Active Online Learning with Hidden Shifting Domains
This work addresses the challenge of efficient online adaptation for machine learning systems in dynamic environments where labeling is costly, offering an incremental improvement over existing query strategies.
The paper tackles the problem of online learning with domain shifts and expensive labeling by proposing an algorithm that adaptively balances regret and label queries for hidden shifting domains. It achieves lower regret than uniform and greedy querying methods with equal labeling budgets, as demonstrated on synthetic and realistic datasets.

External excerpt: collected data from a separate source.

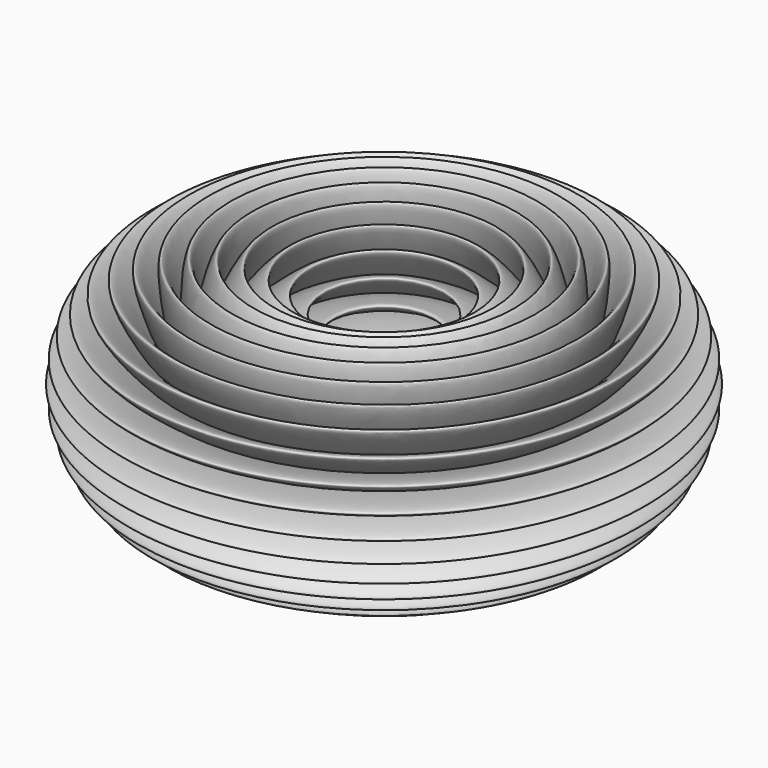
from build123d import *


with BuildPart() as f1:
    # F0 (on Front) → F1 (revolve)
    with BuildSketch(Plane.XZ):
        with BuildLine():
            add(Edge.make_bspline(
                [(306.7410461047, -30.2113560981), (430.4049725454, -21.4052719132), (586.5438764123, 0)],
                knots=[0.7817357195, 0.7817357195, 0.7817357195, 1.1221060483, 1.1221060483, 1.1221060483], degree=2, weights=[1, 0.9855534235, 1]))
            add(Edge.make_bspline(
                [(575.2736002958, -114.4290337258), (426.3108230752, -62.9738690757), (306.7410461047, -30.2113560981)],
                knots=[5.1610792589, 5.1610792589, 5.1610792589, 5.5014495877, 5.5014495877, 5.5014495877], degree=2, weights=[1, 0.9855534235, 1]))
            add(Edge.make_bspline(
                [(575.2736002958, -114.4290337259), (901.5747774696, -134.0658692103), (1253.6743252134, -123.4761436431)],
                knots=[1.1221060483, 1.1221060483, 1.1221060483, 1.8069156759, 1.8069156759, 1.8069156759], degree=2, weights=[1, 0.9419499659, 1]))
            add(Edge.make_bspline(
                [(1253.6743252134, -123.4761436431), (910.4062245206, -44.3986825322), (586.5438764123, 0)],
                knots=[4.4762696313, 4.4762696313, 4.4762696313, 5.1610792589, 5.1610792589, 5.1610792589], degree=2, weights=[1, 0.9419499659, 1]))
        make_face()
        with BuildLine():
            add(Edge.make_bspline(
                [(306.7410461047, 30.2113560981), (426.3108230753, 62.9738690757), (575.2736002958, 114.4290337258)],
                knots=[0.7817357195, 0.7817357195, 0.7817357195, 1.1221060483, 1.1221060483, 1.1221060483], degree=2, weights=[1, 0.9855534235, 1]))
            add(Edge.make_bspline(
                [(586.5438764123, 0), (430.4049725454, 21.4052719132), (306.7410461047, 30.2113560981)],
                knots=[5.1610792589, 5.1610792589, 5.1610792589, 5.5014495877, 5.5014495877, 5.5014495877], degree=2, weights=[1, 0.9855534235, 1]))
            add(Edge.make_bspline(
                [(586.5438764123, 0), (910.4062245206, 44.3986825322), (1253.6743252134, 123.4761436431)],
                knots=[1.1221060483, 1.1221060483, 1.1221060483, 1.8069156759, 1.8069156759, 1.8069156759], degree=2, weights=[1, 0.9419499659, 1]))
            add(Edge.make_bspline(
                [(1253.6743252134, 123.4761436431), (901.5747774696, 134.0658692103), (575.2736002958, 114.4290337259)],
                knots=[4.4762696313, 4.4762696313, 4.4762696313, 5.1610792589, 5.1610792589, 5.1610792589], degree=2, weights=[1, 0.9419499659, 1]))
        make_face()
        with BuildLine():
            add(Edge.make_bspline(
                [(294.9531597252, 89.4730628222), (405.8337877522, 144.9329595922), (541.8958823372, 224.4606238582)],
                knots=[0.7817357195, 0.7817357195, 0.7817357195, 1.1221060483, 1.1221060483, 1.1221060483], degree=2, weights=[1, 0.9855534235, 1]))
            add(Edge.make_bspline(
                [(575.2736002958, 114.4290337259), (417.9589002944, 104.9618203067), (294.9531597252, 89.4730628222)],
                knots=[5.1610792589, 5.1610792589, 5.1610792589, 5.5014495877, 5.5014495877, 5.5014495877], degree=2, weights=[1, 0.9855534235, 1]))
            add(Edge.make_bspline(
                [(575.2736002958, 114.4290337258), (884.251270925, 221.1570178041), (1205.4963239641, 365.6833119754)],
                knots=[1.1221060483, 1.1221060483, 1.1221060483, 1.8069156759, 1.8069156759, 1.8069156759], degree=2, weights=[1, 0.9419499659, 1]))
            add(Edge.make_bspline(
                [(1205.4963239641, 365.6833119754), (858.0963173294, 307.3783447841), (541.8958823372, 224.4606238582)],
                knots=[4.4762696313, 4.4762696313, 4.4762696313, 5.1610792589, 5.1610792589, 5.1610792589], degree=2, weights=[1, 0.9419499659, 1]))
        make_face()
        with BuildLine():
            add(Edge.make_bspline(
                [(575.2736002958, -114.4290337259), (901.5747774696, -134.0658692103), (1253.6743252134, -123.4761436431)],
                knots=[1.1221060483, 1.1221060483, 1.1221060483, 1.8069156759, 1.8069156759, 1.8069156759], degree=2, weights=[1, 0.9419499659, 1]))
            add(Edge.make_bspline(
                [(1205.4963239641, -365.6833119754), (884.251270925, -221.1570178041), (575.2736002958, -114.4290337258)],
                knots=[4.4762696313, 4.4762696313, 4.4762696313, 5.1610792589, 5.1610792589, 5.1610792589], degree=2, weights=[1, 0.9419499659, 1]))
            add(Edge.make_bspline(
                [(1205.4963239641, -365.6833119754), (1973.4335346691, -494.5680356943), (1992.9556897794, -396.4235343368), (2012.4778448897, -298.2790329793), (1253.6743252134, -123.4761436431)],
                knots=[1.8069156759, 1.8069156759, 1.8069156759, 3.1415926536, 3.1415926536, 4.4762696313, 4.4762696313, 4.4762696313], degree=2, weights=[1, 0.7854716489, 1, 0.7854716489, 1]))
        make_face()
        with BuildLine():
            add(Edge.make_bspline(
                [(1205.4963239641, -365.6833119754), (884.251270925, -221.1570178041), (575.2736002958, -114.4290337258)],
                knots=[4.4762696313, 4.4762696313, 4.4762696313, 5.1610792589, 5.1610792589, 5.1610792589], degree=2, weights=[1, 0.9419499659, 1]))
            add(Edge.make_bspline(
                [(294.9531597252, -89.4730628222), (417.9589002944, -104.9618203067), (575.2736002958, -114.4290337259)],
                knots=[0.7817357195, 0.7817357195, 0.7817357195, 1.1221060483, 1.1221060483, 1.1221060483], degree=2, weights=[1, 0.9855534235, 1]))
            add(Edge.make_bspline(
                [(541.8958823372, -224.4606238582), (405.8337877522, -144.9329595922), (294.9531597252, -89.4730628221)],
                knots=[5.1610792589, 5.1610792589, 5.1610792589, 5.5014495877, 5.5014495877, 5.5014495877], degree=2, weights=[1, 0.9855534235, 1]))
            add(Edge.make_bspline(
                [(541.8958823372, -224.4606238582), (858.0963173294, -307.3783447841), (1205.4963239641, -365.6833119754)],
                knots=[1.1221060483, 1.1221060483, 1.1221060483, 1.8069156759, 1.8069156759, 1.8069156759], degree=2, weights=[1, 0.9419499659, 1]))
        make_face()
        with BuildLine():
            add(Edge.make_bspline(
                [(586.5438764123, 0), (910.4062245206, 44.3986825322), (1253.6743252134, 123.4761436431)],
                knots=[1.1221060483, 1.1221060483, 1.1221060483, 1.8069156759, 1.8069156759, 1.8069156759], degree=2, weights=[1, 0.9419499659, 1]))
            add(Edge.make_bspline(
                [(1253.6743252134, -123.4761436431), (910.4062245206, -44.3986825322), (586.5438764123, 0)],
                knots=[4.4762696313, 4.4762696313, 4.4762696313, 5.1610792589, 5.1610792589, 5.1610792589], degree=2, weights=[1, 0.9419499659, 1]))
            add(Edge.make_bspline(
                [(1253.6743252134, -123.4761436431), (2032, -100.0672658109), (2032, 0), (2032, 100.0672658109), (1253.6743252134, 123.4761436431)],
                knots=[1.8069156759, 1.8069156759, 1.8069156759, 3.1415926536, 3.1415926536, 4.4762696313, 4.4762696313, 4.4762696313], degree=2, weights=[1, 0.7854716489, 1, 0.7854716489, 1]))
        make_face()
        with BuildLine():
            add(Edge.make_bspline(
                [(575.2736002958, 114.4290337258), (884.251270925, 221.1570178041), (1205.4963239641, 365.6833119754)],
                knots=[1.1221060483, 1.1221060483, 1.1221060483, 1.8069156759, 1.8069156759, 1.8069156759], degree=2, weights=[1, 0.9419499659, 1]))
            add(Edge.make_bspline(
                [(1253.6743252134, 123.4761436431), (901.5747774696, 134.0658692103), (575.2736002958, 114.4290337259)],
                knots=[4.4762696313, 4.4762696313, 4.4762696313, 5.1610792589, 5.1610792589, 5.1610792589], degree=2, weights=[1, 0.9419499659, 1]))
            add(Edge.make_bspline(
                [(1253.6743252134, 123.4761436431), (2012.4778448897, 298.2790329793), (1992.9556897794, 396.4235343368), (1973.4335346691, 494.5680356943), (1205.4963239641, 365.6833119754)],
                knots=[1.8069156759, 1.8069156759, 1.8069156759, 3.1415926536, 3.1415926536, 4.4762696313, 4.4762696313, 4.4762696313], degree=2, weights=[1, 0.7854716489, 1, 0.7854716489, 1]))
        make_face()
        with BuildLine():
            add(Edge.make_bspline(
                [(541.8958823372, 224.4606238582), (824.1150368816, 389.4164129081), (1110.991775035, 593.837475706)],
                knots=[1.1221060483, 1.1221060483, 1.1221060483, 1.8069156759, 1.8069156759, 1.8069156759], degree=2, weights=[1, 0.9419499659, 1]))
            add(Edge.make_bspline(
                [(1205.4963239641, 365.6833119754), (858.0963173294, 307.3783447841), (541.8958823372, 224.4606238582)],
                knots=[4.4762696313, 4.4762696313, 4.4762696313, 5.1610792589, 5.1610792589, 5.1610792589], degree=2, weights=[1, 0.9419499659, 1]))
            add(Edge.make_bspline(
                [(1205.4963239641, 365.6833119754), (1915.6172948108, 685.1626358088), (1877.3232100629, 777.6127345659), (1839.029125315, 870.0628333229), (1110.991775035, 593.837475706)],
                knots=[1.8069156759, 1.8069156759, 1.8069156759, 3.1415926536, 3.1415926536, 4.4762696313, 4.4762696313, 4.4762696313], degree=2, weights=[1, 0.7854716489, 1, 0.7854716489, 1]))
        make_face()
        with BuildLine():
            add(Edge.make_bspline(
                [(541.8958823372, 224.4606238582), (389.4509018993, 184.4847448091), (271.8303888292, 145.296369919)],
                knots=[5.1610792589, 5.1610792589, 5.1610792589, 5.5014495877, 5.5014495877, 5.5014495877], degree=2, weights=[1, 0.9855534235, 1]))
            add(Edge.make_bspline(
                [(541.8958823372, 224.4606238582), (824.1150368816, 389.4164129081), (1110.991775035, 593.837475706)],
                knots=[1.1221060483, 1.1221060483, 1.1221060483, 1.8069156759, 1.8069156759, 1.8069156759], degree=2, weights=[1, 0.9419499659, 1]))
            add(Edge.make_bspline(
                [(1110.991775035, 593.837475706), (781.6416969402, 468.8784429476), (487.6934095189, 325.8663180946)],
                knots=[4.4762696313, 4.4762696313, 4.4762696313, 5.1610792589, 5.1610792589, 5.1610792589], degree=2, weights=[1, 0.9419499659, 1]))
            add(Edge.make_bspline(
                [(271.8303888292, 145.296369919), (369.7607875601, 221.3223577509), (487.6934095189, 325.8663180946)],
                knots=[0.7817357195, 0.7817357195, 0.7817357195, 1.1221060483, 1.1221060483, 1.1221060483], degree=2, weights=[1, 0.9855534235, 1]))
        make_face()
        with BuildLine():
            add(Edge.make_bspline(
                [(1110.991775035, -593.8374757059), (1839.029125315, -870.0628333229), (1877.3232100629, -777.6127345659), (1915.6172948108, -685.1626358088), (1205.4963239641, -365.6833119754)],
                knots=[1.8069156759, 1.8069156759, 1.8069156759, 3.1415926536, 3.1415926536, 4.4762696313, 4.4762696313, 4.4762696313], degree=2, weights=[1, 0.7854716489, 1, 0.7854716489, 1]))
            add(Edge.make_bspline(
                [(541.8958823372, -224.4606238582), (858.0963173294, -307.3783447841), (1205.4963239641, -365.6833119754)],
                knots=[1.1221060483, 1.1221060483, 1.1221060483, 1.8069156759, 1.8069156759, 1.8069156759], degree=2, weights=[1, 0.9419499659, 1]))
            add(Edge.make_bspline(
                [(1110.991775035, -593.8374757059), (824.1150368816, -389.4164129081), (541.8958823372, -224.4606238582)],
                knots=[4.4762696313, 4.4762696313, 4.4762696313, 5.1610792589, 5.1610792589, 5.1610792589], degree=2, weights=[1, 0.9419499659, 1]))
        make_face()
        with BuildLine():
            add(Edge.make_bspline(
                [(1110.991775035, -593.8374757059), (824.1150368816, -389.4164129081), (541.8958823372, -224.4606238582)],
                knots=[4.4762696313, 4.4762696313, 4.4762696313, 5.1610792589, 5.1610792589, 5.1610792589], degree=2, weights=[1, 0.9419499659, 1]))
            add(Edge.make_bspline(
                [(271.8303888292, -145.296369919), (389.4509018993, -184.4847448091), (541.8958823372, -224.4606238582)],
                knots=[0.7817357195, 0.7817357195, 0.7817357195, 1.1221060483, 1.1221060483, 1.1221060483], degree=2, weights=[1, 0.9855534235, 1]))
            add(Edge.make_bspline(
                [(487.6934095189, -325.8663180946), (369.76078756, -221.3223577509), (271.8303888292, -145.296369919)],
                knots=[5.1610792589, 5.1610792589, 5.1610792589, 5.5014495877, 5.5014495877, 5.5014495877], degree=2, weights=[1, 0.9855534235, 1]))
            add(Edge.make_bspline(
                [(487.6934095189, -325.8663180946), (781.6416969401, -468.8784429476), (1110.991775035, -593.8374757059)],
                knots=[1.1221060483, 1.1221060483, 1.1221060483, 1.8069156759, 1.8069156759, 1.8069156759], degree=2, weights=[1, 0.9419499659, 1]))
        make_face()
        with BuildLine():
            add(Edge.make_bspline(
                [(1110.991775035, 593.837475706), (781.6416969402, 468.8784429476), (487.6934095189, 325.8663180946)],
                knots=[4.4762696313, 4.4762696313, 4.4762696313, 5.1610792589, 5.1610792589, 5.1610792589], degree=2, weights=[1, 0.9419499659, 1]))
            add(Edge.make_bspline(
                [(1110.991775035, 593.837475706), (1745.140646383, 1045.7158227879), (1689.5462521988, 1128.9187134958), (1633.9518580146, 1212.1216042038), (973.7924352426, 799.170798273)],
                knots=[1.8069156759, 1.8069156759, 1.8069156759, 3.1415926536, 3.1415926536, 4.4762696313, 4.4762696313, 4.4762696313], degree=2, weights=[1, 0.7854716489, 1, 0.7854716489, 1]))
            add(Edge.make_bspline(
                [(487.6934095189, 325.8663180946), (732.3085241398, 542.7107536512), (973.7924352426, 799.170798273)],
                knots=[1.1221060483, 1.1221060483, 1.1221060483, 1.8069156759, 1.8069156759, 1.8069156759], degree=2, weights=[1, 0.9419499659, 1]))
        make_face()
        with BuildLine():
            add(Edge.make_bspline(
                [(973.7924352426, -799.170798273), (1633.9518580146, -1212.1216042038), (1689.5462521988, -1128.9187134958), (1745.140646383, -1045.7158227879), (1110.991775035, -593.8374757059)],
                knots=[1.8069156759, 1.8069156759, 1.8069156759, 3.1415926536, 3.1415926536, 4.4762696313, 4.4762696313, 4.4762696313], degree=2, weights=[1, 0.7854716489, 1, 0.7854716489, 1]))
            add(Edge.make_bspline(
                [(487.6934095189, -325.8663180946), (781.6416969401, -468.8784429476), (1110.991775035, -593.8374757059)],
                knots=[1.1221060483, 1.1221060483, 1.1221060483, 1.8069156759, 1.8069156759, 1.8069156759], degree=2, weights=[1, 0.9419499659, 1]))
            add(Edge.make_bspline(
                [(973.7924352426, -799.170798273), (732.3085241398, -542.7107536512), (487.6934095189, -325.8663180946)],
                knots=[4.4762696313, 4.4762696313, 4.4762696313, 5.1610792589, 5.1610792589, 5.1610792589], degree=2, weights=[1, 0.9419499659, 1]))
        make_face()
        with BuildLine():
            add(Edge.make_bspline(
                [(487.6934095189, 325.8663180946), (345.9765237507, 256.9180240287), (238.2613285347, 195.5360190031)],
                knots=[5.1610792589, 5.1610792589, 5.1610792589, 5.5014495877, 5.5014495877, 5.5014495877], degree=2, weights=[1, 0.9855534235, 1]))
            add(Edge.make_bspline(
                [(487.6934095189, 325.8663180946), (732.3085241398, 542.7107536512), (973.7924352426, 799.170798273)],
                knots=[1.1221060483, 1.1221060483, 1.1221060483, 1.8069156759, 1.8069156759, 1.8069156759], degree=2, weights=[1, 0.9419499659, 1]))
            add(Edge.make_bspline(
                [(973.7924352426, 799.170798273), (675.1490244872, 612.3598054987), (414.7491524746, 414.7491524746)],
                knots=[4.4762696313, 4.4762696313, 4.4762696313, 5.1610792589, 5.1610792589, 5.1610792589], degree=2, weights=[1, 0.9419499659, 1]))
            add(Edge.make_bspline(
                [(238.2613285347, 195.5360190031), (319.4780876662, 289.2064618203), (414.7491524746, 414.7491524746)],
                knots=[0.7817357195, 0.7817357195, 0.7817357195, 1.1221060483, 1.1221060483, 1.1221060483], degree=2, weights=[1, 0.9855534235, 1]))
        make_face()
        with BuildLine():
            add(Edge.make_bspline(
                [(973.7924352426, 799.170798273), (675.1490244872, 612.3598054987), (414.7491524746, 414.7491524746)],
                knots=[4.4762696313, 4.4762696313, 4.4762696313, 5.1610792589, 5.1610792589, 5.1610792589], degree=2, weights=[1, 0.9419499659, 1]))
            add(Edge.make_bspline(
                [(973.7924352426, 799.170798273), (1507.5992216007, 1366.0827371414), (1436.8409793711, 1436.8409793711), (1366.0827371414, 1507.5992216007), (799.170798273, 973.7924352426)],
                knots=[1.8069156759, 1.8069156759, 1.8069156759, 3.1415926536, 3.1415926536, 4.4762696313, 4.4762696313, 4.4762696313], degree=2, weights=[1, 0.7854716489, 1, 0.7854716489, 1]))
            add(Edge.make_bspline(
                [(414.7491524746, 414.7491524746), (612.3598054987, 675.1490244872), (799.170798273, 973.7924352426)],
                knots=[1.1221060483, 1.1221060483, 1.1221060483, 1.8069156759, 1.8069156759, 1.8069156759], degree=2, weights=[1, 0.9419499659, 1]))
        make_face()
        with BuildLine():
            add(Edge.make_bspline(
                [(414.7491524746, -414.7491524746), (675.1490244872, -612.3598054987), (973.7924352426, -799.170798273)],
                knots=[1.1221060483, 1.1221060483, 1.1221060483, 1.8069156759, 1.8069156759, 1.8069156759], degree=2, weights=[1, 0.9419499659, 1]))
            add(Edge.make_bspline(
                [(973.7924352426, -799.170798273), (732.3085241398, -542.7107536512), (487.6934095189, -325.8663180946)],
                knots=[4.4762696313, 4.4762696313, 4.4762696313, 5.1610792589, 5.1610792589, 5.1610792589], degree=2, weights=[1, 0.9419499659, 1]))
            add(Edge.make_bspline(
                [(238.2613285347, -195.5360190031), (345.9765237507, -256.9180240287), (487.6934095189, -325.8663180946)],
                knots=[0.7817357195, 0.7817357195, 0.7817357195, 1.1221060483, 1.1221060483, 1.1221060483], degree=2, weights=[1, 0.9855534235, 1]))
            add(Edge.make_bspline(
                [(414.7491524746, -414.7491524746), (319.4780876662, -289.2064618203), (238.2613285347, -195.5360190031)],
                knots=[5.1610792589, 5.1610792589, 5.1610792589, 5.5014495877, 5.5014495877, 5.5014495877], degree=2, weights=[1, 0.9855534235, 1]))
        make_face()
        with BuildLine():
            add(Edge.make_bspline(
                [(799.170798273, -973.7924352426), (1366.0827371414, -1507.5992216008), (1436.8409793711, -1436.8409793711), (1507.5992216007, -1366.0827371414), (973.7924352426, -799.170798273)],
                knots=[1.8069156759, 1.8069156759, 1.8069156759, 3.1415926536, 3.1415926536, 4.4762696313, 4.4762696313, 4.4762696313], degree=2, weights=[1, 0.7854716489, 1, 0.7854716489, 1]))
            add(Edge.make_bspline(
                [(414.7491524746, -414.7491524746), (675.1490244872, -612.3598054987), (973.7924352426, -799.170798273)],
                knots=[1.1221060483, 1.1221060483, 1.1221060483, 1.8069156759, 1.8069156759, 1.8069156759], degree=2, weights=[1, 0.9419499659, 1]))
            add(Edge.make_bspline(
                [(799.170798273, -973.7924352426), (612.3598054987, -675.1490244873), (414.7491524746, -414.7491524746)],
                knots=[4.4762696313, 4.4762696313, 4.4762696313, 5.1610792589, 5.1610792589, 5.1610792589], degree=2, weights=[1, 0.9419499659, 1]))
        make_face()
        with BuildLine():
            add(Edge.make_bspline(
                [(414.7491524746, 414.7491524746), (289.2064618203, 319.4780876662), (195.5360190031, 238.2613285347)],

Online machine learning systems need to adapt to domain shifts. Meanwhile, acquiring label at every timestep is expensive. We propose a surprisingly simple algorithm that adaptively balances its regret and its number of label queries in settings where the data streams are from a mixture of hidden domains. For online linear regression with oblivious adversaries, we provide a tight tradeoff that depends on the durations and dimensionalities of the hidden domains. Our algorithm can adaptively deal with interleaving spans of inputs from different domains. We also generalize our results to non-linear regression for hypothesis classes with bounded eluder dimension and adaptive adversaries. Experiments on synthetic and realistic datasets demonstrate that our algorithm achieves lower regret than uniform queries and greedy queries with equal labeling budget.